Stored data

※

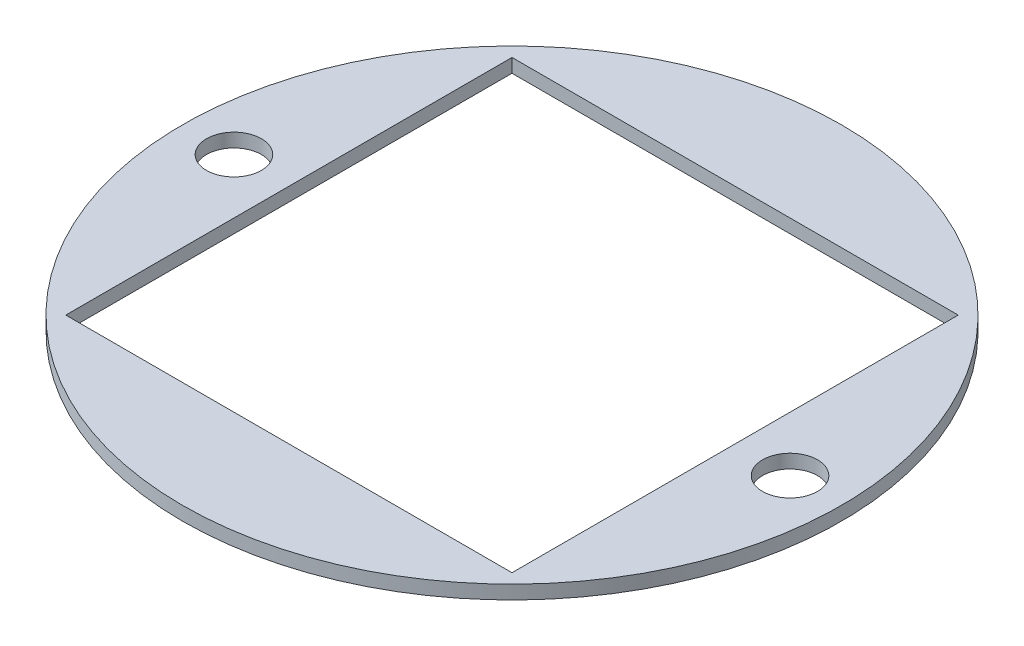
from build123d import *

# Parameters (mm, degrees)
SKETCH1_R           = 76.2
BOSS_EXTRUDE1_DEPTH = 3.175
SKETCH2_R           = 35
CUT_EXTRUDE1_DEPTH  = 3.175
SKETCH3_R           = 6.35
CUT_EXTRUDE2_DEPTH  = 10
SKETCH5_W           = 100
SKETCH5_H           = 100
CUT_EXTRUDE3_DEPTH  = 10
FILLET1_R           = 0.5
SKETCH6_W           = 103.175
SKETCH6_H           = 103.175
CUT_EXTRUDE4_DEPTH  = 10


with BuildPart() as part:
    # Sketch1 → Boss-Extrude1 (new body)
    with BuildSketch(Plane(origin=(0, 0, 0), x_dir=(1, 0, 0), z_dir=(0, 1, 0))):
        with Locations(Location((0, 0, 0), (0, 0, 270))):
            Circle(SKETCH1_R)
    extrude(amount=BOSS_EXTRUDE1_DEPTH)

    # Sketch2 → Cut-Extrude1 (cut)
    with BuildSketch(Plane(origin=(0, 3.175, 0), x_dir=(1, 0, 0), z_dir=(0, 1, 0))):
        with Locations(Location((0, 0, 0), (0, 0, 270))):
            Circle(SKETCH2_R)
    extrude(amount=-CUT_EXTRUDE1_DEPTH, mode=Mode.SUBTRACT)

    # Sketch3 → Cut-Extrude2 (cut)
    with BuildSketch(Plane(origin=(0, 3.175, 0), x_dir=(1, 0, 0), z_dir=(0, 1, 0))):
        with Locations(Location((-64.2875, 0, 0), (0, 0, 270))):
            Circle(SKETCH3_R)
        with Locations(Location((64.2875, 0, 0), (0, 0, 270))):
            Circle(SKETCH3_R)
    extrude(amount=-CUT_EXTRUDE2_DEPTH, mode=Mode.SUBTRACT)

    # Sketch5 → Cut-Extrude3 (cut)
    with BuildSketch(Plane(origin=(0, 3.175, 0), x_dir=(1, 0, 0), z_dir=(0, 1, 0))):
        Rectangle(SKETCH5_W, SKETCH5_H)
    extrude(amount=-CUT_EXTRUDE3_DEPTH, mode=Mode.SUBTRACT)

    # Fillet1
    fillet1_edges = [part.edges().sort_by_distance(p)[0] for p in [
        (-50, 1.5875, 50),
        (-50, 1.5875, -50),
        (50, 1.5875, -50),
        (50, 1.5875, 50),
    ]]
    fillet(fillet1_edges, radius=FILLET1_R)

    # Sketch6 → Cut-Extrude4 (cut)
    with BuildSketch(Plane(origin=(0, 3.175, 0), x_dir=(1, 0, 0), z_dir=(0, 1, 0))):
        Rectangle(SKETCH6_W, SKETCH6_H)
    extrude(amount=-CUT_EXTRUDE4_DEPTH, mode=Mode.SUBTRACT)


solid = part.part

※

From the line that holds "Circle(SKETCH2_R)" to the last line of the records above, print each line exactly. Add nothing else.

            Circle(SKETCH2_R)
    extrude(amount=-CUT_EXTRUDE1_DEPTH, mode=Mode.SUBTRACT)

    # Sketch3 → Cut-Extrude2 (cut)
    with BuildSketch(Plane(origin=(0, 3.175, 0), x_dir=(1, 0, 0), z_dir=(0, 1, 0))):
        with Locations(Location((-64.2875, 0, 0), (0, 0, 270))):
            Circle(SKETCH3_R)
        with Locations(Location((64.2875, 0, 0), (0, 0, 270))):
            Circle(SKETCH3_R)
    extrude(amount=-CUT_EXTRUDE2_DEPTH, mode=Mode.SUBTRACT)

    # Sketch5 → Cut-Extrude3 (cut)
    with BuildSketch(Plane(origin=(0, 3.175, 0), x_dir=(1, 0, 0), z_dir=(0, 1, 0))):
        Rectangle(SKETCH5_W, SKETCH5_H)
    extrude(amount=-CUT_EXTRUDE3_DEPTH, mode=Mode.SUBTRACT)

    # Fillet1
    fillet1_edges = [part.edges().sort_by_distance(p)[0] for p in [
        (-50, 1.5875, 50),
        (-50, 1.5875, -50),
        (50, 1.5875, -50),
        (50, 1.5875, 50),
    ]]
    fillet(fillet1_edges, radius=FILLET1_R)

    # Sketch6 → Cut-Extrude4 (cut)
    with BuildSketch(Plane(origin=(0, 3.175, 0), x_dir=(1, 0, 0), z_dir=(0, 1, 0))):
        Rectangle(SKETCH6_W, SKETCH6_H)
    extrude(amount=-CUT_EXTRUDE4_DEPTH, mode=Mode.SUBTRACT)


solid = part.part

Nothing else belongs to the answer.